* _Supplied data_:
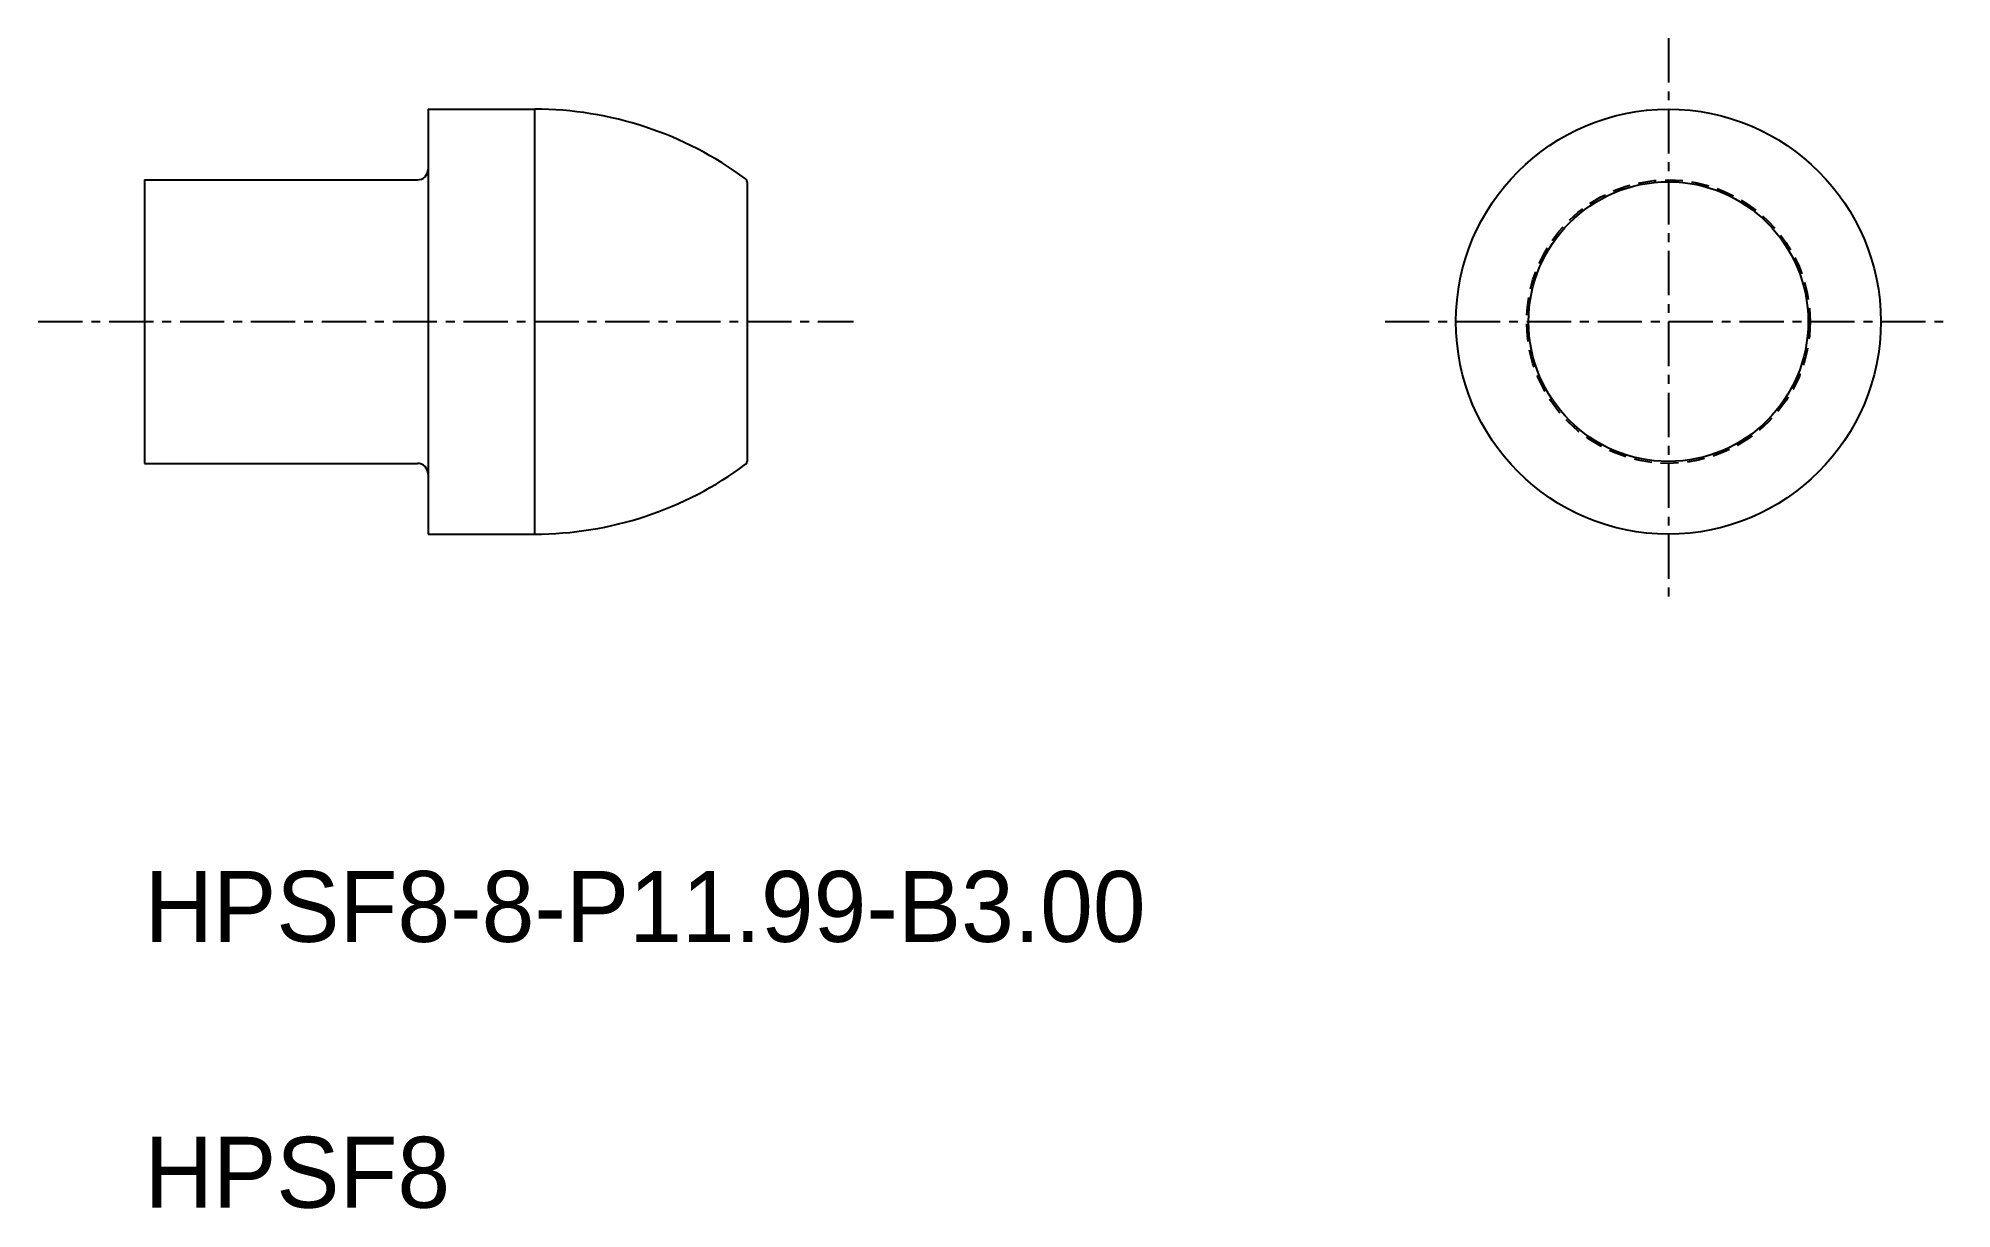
# Model space of a CAD drawing. Extents: x -1008.9 to -954.9, y -777 to -744.
import ezdxf

# ---------------------------------------------------------------- set-up
doc = ezdxf.new("R2010")
doc.units = 0
doc.linetypes.add('CENTER', pattern=[2, 1.25, -0.25, 0.25, -0.25])
doc.linetypes.add('DASHED', pattern=[0.75, 0.5, -0.25])
doc.layers.get('0').update_dxf_attribs({"linetype": 'CONTINUOUS'})
doc.layers.add('CENTER', color=1, linetype='CENTER')

msp = doc.modelspace()

# ---------------------------------------------------------------- linework, layer by layer
at = {"color": 7, "linetype": 'CONTINUOUS'}
for p, q in [((-997.922, -745.985), (-997.922, -757.975)), ((-997.922, -745.985), (-994.922, -745.985)), ((-994.922, -745.985), (-994.922, -757.975)), ((-1005.922, -747.98), (-1005.922, -755.98)), ((-1005.922, -747.98), (-998.222, -747.98)), ((-988.922, -748.035), (-988.922, -755.925)), ((-1005.922, -755.98), (-998.222, -755.98)), ((-997.922, -757.975), (-994.922, -757.975))]:
    msp.add_line(p, q, dxfattribs=at)
for radius in [5.995, 3.945]:
    msp.add_circle((-962.927, -751.98), radius, dxfattribs=at)
at = {"color": 3, "linetype": 'DASHED'}
msp.add_circle((-962.927, -751.98), 4, dxfattribs=at)
at = {"color": 7, "linetype": 'CONTINUOUS'}
for centre, radius, start, end in [((-994.922, -755.985), 10, 53.4189, 90), ((-998.222, -747.68), 0.3, 270, 0), ((-989.022, -748.035), 0.1, 0, 53.4189), ((-998.222, -756.28), 0.3, 0, 90), ((-994.922, -747.975), 10, 270, 306.5811), ((-989.022, -755.925), 0.1, 306.5811, 0)]:
    msp.add_arc(centre, radius, start, end, dxfattribs=at)
at = {"layer": 'CENTER', "color": 1, "linetype": 'CENTER'}
for p, q in [((-962.927, -743.985), (-962.927, -759.975)), ((-1008.922, -751.98), (-985.922, -751.98)), ((-970.922, -751.98), (-954.932, -751.98))]:
    msp.add_line(p, q, dxfattribs=at)

# ---------------------------------------------------------------- texts
at = {"color": 7, "linetype": 'CONTINUOUS'}
for s, p in [('HPSF8-8-P11.99-B3.00 ', (-1005.922, -769.48)), ('HPSF8', (-1005.922, -776.98))]:
    msp.add_text(s, height=2, dxfattribs=at).set_placement(p)

doc.saveas('drawing.dxf')

* _What to work on_: Give the data back exactly, omitting all pictures.

* _The answer_:
# Model space of a CAD drawing. Extents: x -1008.9 to -954.9, y -777 to -744.
import ezdxf

# ---------------------------------------------------------------- set-up
doc = ezdxf.new("R2010")
doc.units = 0
doc.linetypes.add('CENTER', pattern=[2, 1.25, -0.25, 0.25, -0.25])
doc.linetypes.add('DASHED', pattern=[0.75, 0.5, -0.25])
doc.layers.get('0').update_dxf_attribs({"linetype": 'CONTINUOUS'})
doc.layers.add('CENTER', color=1, linetype='CENTER')

msp = doc.modelspace()

# ---------------------------------------------------------------- linework, layer by layer
at = {"color": 7, "linetype": 'CONTINUOUS'}
for p, q in [((-997.922, -745.985), (-997.922, -757.975)), ((-997.922, -745.985), (-994.922, -745.985)), ((-994.922, -745.985), (-994.922, -757.975)), ((-1005.922, -747.98), (-1005.922, -755.98)), ((-1005.922, -747.98), (-998.222, -747.98)), ((-988.922, -748.035), (-988.922, -755.925)), ((-1005.922, -755.98), (-998.222, -755.98)), ((-997.922, -757.975), (-994.922, -757.975))]:
    msp.add_line(p, q, dxfattribs=at)
for radius in [5.995, 3.945]:
    msp.add_circle((-962.927, -751.98), radius, dxfattribs=at)
at = {"color": 3, "linetype": 'DASHED'}
msp.add_circle((-962.927, -751.98), 4, dxfattribs=at)
at = {"color": 7, "linetype": 'CONTINUOUS'}
for centre, radius, start, end in [((-994.922, -755.985), 10, 53.4189, 90), ((-998.222, -747.68), 0.3, 270, 0), ((-989.022, -748.035), 0.1, 0, 53.4189), ((-998.222, -756.28), 0.3, 0, 90), ((-994.922, -747.975), 10, 270, 306.5811), ((-989.022, -755.925), 0.1, 306.5811, 0)]:
    msp.add_arc(centre, radius, start, end, dxfattribs=at)
at = {"layer": 'CENTER', "color": 1, "linetype": 'CENTER'}
for p, q in [((-962.927, -743.985), (-962.927, -759.975)), ((-1008.922, -751.98), (-985.922, -751.98)), ((-970.922, -751.98), (-954.932, -751.98))]:
    msp.add_line(p, q, dxfattribs=at)

# ---------------------------------------------------------------- texts
at = {"color": 7, "linetype": 'CONTINUOUS'}
for s, p in [('HPSF8-8-P11.99-B3.00 ', (-1005.922, -769.48)), ('HPSF8', (-1005.922, -776.98))]:
    msp.add_text(s, height=2, dxfattribs=at).set_placement(p)

doc.saveas('drawing.dxf')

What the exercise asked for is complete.